==== RECORDS TO USE

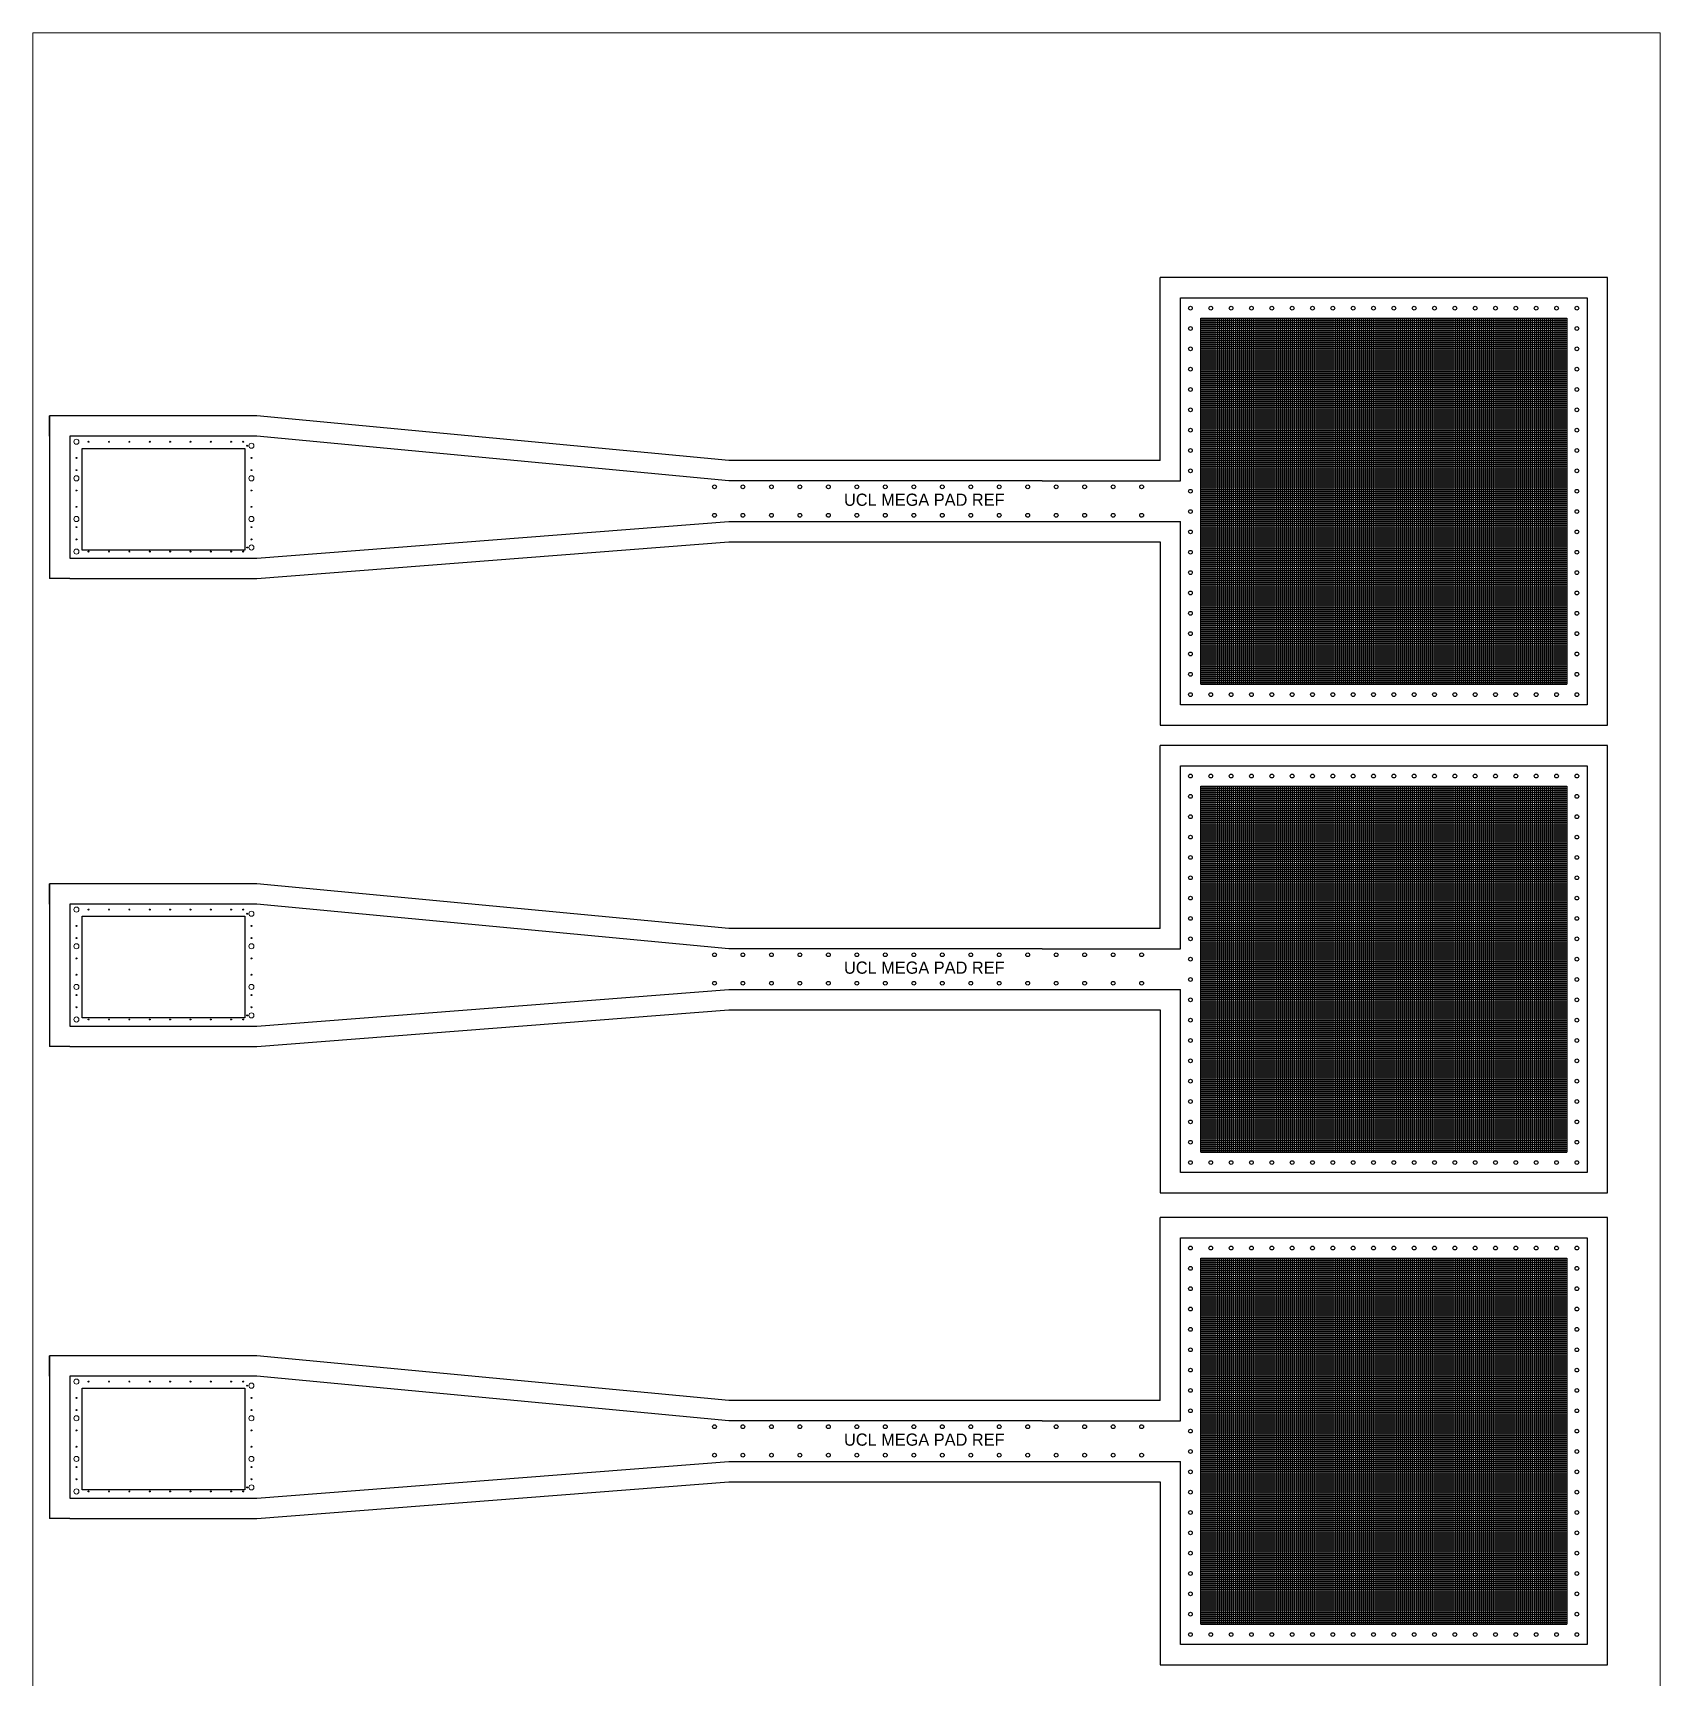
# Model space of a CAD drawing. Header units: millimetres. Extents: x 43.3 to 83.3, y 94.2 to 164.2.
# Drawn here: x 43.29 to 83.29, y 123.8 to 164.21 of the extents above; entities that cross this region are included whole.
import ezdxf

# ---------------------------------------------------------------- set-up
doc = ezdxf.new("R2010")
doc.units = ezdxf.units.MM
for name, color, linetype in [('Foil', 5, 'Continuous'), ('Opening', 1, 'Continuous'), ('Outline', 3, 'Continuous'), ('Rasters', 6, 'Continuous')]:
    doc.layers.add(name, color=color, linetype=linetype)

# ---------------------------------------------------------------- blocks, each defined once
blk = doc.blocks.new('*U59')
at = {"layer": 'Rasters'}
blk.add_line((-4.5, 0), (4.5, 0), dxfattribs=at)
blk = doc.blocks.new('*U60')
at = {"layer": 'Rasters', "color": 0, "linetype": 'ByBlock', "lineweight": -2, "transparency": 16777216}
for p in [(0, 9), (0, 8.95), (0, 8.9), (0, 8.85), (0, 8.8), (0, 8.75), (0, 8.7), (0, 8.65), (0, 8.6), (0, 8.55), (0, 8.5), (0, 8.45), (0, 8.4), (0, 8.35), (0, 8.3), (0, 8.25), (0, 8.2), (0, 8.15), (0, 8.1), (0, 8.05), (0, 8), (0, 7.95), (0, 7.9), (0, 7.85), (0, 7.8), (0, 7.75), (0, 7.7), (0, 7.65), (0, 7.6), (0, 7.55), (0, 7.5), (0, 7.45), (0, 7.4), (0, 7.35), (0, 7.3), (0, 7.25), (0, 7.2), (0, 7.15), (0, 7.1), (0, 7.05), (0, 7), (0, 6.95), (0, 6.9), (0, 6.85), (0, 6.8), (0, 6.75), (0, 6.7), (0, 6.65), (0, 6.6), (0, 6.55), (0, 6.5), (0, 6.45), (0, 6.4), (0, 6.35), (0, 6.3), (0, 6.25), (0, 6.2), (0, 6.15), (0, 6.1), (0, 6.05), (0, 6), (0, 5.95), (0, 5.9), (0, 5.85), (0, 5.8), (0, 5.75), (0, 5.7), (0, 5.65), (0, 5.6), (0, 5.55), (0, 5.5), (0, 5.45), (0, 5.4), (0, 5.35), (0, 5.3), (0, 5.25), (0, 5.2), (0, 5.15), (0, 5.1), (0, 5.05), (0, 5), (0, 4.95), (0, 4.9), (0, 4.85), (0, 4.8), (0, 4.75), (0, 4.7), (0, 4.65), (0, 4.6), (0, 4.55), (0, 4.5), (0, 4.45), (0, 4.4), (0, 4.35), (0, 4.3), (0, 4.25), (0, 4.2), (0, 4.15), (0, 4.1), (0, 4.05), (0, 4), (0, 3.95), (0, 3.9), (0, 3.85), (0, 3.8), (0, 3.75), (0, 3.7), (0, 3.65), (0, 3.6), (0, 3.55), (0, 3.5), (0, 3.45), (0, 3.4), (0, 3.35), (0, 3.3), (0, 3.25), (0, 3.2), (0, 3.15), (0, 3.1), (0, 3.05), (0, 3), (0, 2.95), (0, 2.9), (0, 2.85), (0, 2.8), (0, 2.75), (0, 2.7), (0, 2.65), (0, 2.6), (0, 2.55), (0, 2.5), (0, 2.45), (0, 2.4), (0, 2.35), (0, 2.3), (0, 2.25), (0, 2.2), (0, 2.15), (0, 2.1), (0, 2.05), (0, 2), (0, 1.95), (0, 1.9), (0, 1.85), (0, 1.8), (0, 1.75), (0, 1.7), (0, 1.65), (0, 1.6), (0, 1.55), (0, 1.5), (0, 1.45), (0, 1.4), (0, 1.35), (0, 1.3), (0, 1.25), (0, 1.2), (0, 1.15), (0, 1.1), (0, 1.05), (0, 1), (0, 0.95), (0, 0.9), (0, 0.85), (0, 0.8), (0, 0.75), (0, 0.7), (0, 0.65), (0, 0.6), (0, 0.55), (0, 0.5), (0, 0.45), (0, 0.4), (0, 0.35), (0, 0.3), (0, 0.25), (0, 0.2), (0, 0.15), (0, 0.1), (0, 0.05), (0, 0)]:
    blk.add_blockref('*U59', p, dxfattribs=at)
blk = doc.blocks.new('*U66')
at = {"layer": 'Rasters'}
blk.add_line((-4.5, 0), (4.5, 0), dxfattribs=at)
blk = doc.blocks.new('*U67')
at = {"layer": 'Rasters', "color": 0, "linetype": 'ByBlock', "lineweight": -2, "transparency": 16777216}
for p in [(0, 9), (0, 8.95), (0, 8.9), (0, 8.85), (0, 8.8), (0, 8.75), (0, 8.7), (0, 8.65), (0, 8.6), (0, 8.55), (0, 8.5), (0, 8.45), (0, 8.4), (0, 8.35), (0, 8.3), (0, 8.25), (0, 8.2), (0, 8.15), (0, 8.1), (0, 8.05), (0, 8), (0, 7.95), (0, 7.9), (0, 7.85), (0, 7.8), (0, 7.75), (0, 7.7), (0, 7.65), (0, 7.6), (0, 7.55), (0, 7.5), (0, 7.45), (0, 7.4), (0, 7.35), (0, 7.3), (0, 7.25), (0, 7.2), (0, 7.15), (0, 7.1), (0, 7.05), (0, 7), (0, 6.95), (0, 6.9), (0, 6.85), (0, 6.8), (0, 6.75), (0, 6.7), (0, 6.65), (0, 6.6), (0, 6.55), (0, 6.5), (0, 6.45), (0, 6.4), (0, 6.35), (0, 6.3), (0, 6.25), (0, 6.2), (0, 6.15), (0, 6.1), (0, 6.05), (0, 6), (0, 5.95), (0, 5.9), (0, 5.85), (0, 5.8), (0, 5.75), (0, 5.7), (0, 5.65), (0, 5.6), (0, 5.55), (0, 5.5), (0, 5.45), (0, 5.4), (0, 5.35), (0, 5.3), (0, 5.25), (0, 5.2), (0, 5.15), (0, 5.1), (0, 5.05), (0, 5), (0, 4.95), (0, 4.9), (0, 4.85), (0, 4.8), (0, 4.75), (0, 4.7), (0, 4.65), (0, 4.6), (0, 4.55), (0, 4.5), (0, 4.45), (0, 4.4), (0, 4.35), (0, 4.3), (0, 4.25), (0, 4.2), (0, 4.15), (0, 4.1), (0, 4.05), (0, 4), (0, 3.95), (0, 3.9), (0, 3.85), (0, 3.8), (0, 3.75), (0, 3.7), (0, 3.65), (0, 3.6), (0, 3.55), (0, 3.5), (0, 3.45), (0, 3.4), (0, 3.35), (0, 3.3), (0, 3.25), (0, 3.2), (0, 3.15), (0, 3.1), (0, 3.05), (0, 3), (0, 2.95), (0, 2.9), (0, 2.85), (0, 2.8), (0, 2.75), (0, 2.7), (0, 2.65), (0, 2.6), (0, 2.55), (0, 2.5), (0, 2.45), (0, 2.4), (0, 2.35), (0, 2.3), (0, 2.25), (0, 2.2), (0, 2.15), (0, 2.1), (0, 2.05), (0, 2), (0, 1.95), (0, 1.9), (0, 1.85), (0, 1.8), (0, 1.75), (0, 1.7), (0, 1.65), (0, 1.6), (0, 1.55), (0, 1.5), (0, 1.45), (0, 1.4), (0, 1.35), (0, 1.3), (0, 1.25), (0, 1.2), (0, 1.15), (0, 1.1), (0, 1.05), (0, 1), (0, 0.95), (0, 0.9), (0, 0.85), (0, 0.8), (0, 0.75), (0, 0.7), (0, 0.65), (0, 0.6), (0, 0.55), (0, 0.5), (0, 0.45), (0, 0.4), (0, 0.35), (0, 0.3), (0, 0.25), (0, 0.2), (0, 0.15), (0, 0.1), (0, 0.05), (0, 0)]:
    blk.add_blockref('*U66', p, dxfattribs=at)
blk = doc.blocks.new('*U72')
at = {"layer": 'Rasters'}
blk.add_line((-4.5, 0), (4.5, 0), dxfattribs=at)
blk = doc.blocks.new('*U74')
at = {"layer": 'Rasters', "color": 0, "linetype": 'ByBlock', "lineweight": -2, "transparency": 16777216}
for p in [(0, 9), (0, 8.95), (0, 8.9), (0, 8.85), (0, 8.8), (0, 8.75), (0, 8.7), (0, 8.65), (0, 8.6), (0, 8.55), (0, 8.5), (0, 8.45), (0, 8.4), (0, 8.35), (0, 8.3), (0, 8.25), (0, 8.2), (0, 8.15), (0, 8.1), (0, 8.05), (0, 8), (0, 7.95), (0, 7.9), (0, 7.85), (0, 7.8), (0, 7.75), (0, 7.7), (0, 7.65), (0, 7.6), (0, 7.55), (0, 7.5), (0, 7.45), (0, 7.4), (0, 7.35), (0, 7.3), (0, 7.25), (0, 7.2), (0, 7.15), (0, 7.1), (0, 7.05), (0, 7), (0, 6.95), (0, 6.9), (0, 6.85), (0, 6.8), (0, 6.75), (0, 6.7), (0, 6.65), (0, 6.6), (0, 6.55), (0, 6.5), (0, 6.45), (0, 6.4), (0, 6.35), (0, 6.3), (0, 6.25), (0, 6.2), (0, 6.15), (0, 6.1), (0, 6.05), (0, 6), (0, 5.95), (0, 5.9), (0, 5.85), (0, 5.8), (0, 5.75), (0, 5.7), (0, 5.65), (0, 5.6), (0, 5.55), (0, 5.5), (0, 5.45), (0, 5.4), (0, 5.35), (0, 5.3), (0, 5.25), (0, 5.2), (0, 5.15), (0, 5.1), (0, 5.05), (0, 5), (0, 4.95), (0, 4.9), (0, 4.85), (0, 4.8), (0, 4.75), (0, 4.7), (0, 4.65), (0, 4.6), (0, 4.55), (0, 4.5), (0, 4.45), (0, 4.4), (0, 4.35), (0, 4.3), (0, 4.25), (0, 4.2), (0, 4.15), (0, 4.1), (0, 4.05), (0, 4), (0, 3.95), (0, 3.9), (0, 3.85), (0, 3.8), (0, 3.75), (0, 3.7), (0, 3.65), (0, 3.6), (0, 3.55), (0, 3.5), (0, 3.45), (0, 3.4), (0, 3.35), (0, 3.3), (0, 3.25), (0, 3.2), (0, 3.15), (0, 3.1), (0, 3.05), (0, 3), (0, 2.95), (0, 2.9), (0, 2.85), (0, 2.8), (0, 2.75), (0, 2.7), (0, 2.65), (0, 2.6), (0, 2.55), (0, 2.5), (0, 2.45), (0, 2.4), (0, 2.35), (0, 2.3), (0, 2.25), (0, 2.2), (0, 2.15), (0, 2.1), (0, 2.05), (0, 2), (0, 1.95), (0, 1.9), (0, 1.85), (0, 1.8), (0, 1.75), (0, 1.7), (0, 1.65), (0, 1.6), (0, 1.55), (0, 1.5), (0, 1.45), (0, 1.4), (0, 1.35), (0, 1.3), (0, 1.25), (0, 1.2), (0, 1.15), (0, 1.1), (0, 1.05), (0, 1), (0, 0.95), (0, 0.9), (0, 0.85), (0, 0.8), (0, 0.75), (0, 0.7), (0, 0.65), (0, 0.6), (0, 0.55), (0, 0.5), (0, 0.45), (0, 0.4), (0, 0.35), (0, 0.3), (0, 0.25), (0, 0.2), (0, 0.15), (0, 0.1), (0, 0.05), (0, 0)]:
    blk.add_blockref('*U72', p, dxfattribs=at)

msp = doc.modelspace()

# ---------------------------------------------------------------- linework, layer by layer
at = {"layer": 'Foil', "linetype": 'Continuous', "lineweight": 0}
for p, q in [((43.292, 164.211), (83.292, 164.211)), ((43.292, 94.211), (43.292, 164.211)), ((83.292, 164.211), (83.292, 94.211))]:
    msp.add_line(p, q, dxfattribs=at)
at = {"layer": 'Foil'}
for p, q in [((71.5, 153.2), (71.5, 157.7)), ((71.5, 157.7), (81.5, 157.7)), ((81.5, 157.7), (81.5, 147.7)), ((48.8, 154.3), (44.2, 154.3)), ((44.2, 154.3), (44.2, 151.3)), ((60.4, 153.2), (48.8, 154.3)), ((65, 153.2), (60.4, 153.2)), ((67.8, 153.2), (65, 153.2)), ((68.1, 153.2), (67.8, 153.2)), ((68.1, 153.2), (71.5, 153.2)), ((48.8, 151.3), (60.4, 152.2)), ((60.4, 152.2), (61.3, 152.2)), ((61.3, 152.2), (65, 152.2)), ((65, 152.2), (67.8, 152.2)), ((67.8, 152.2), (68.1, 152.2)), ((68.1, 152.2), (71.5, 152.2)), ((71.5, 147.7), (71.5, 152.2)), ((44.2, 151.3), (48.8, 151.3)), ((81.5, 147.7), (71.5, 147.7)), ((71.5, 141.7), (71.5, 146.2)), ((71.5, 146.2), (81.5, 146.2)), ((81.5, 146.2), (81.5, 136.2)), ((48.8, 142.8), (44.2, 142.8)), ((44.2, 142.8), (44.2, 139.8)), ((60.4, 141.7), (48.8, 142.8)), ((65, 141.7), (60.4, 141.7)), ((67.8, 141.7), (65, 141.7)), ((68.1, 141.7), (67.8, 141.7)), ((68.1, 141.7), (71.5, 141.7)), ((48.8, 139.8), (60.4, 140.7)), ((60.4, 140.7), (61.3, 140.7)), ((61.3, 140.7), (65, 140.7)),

========

WHAT IS NEEDED: Leave out the pictures and restate, word for word, the lines from the top of the data through the line containing "import ezdxf", both included.

WRITTEN ANSWER:
# Model space of a CAD drawing. Header units: millimetres. Extents: x 43.3 to 83.3, y 94.2 to 164.2.
# Drawn here: x 43.29 to 83.29, y 123.8 to 164.21 of the extents above; entities that cross this region are included whole.
import ezdxf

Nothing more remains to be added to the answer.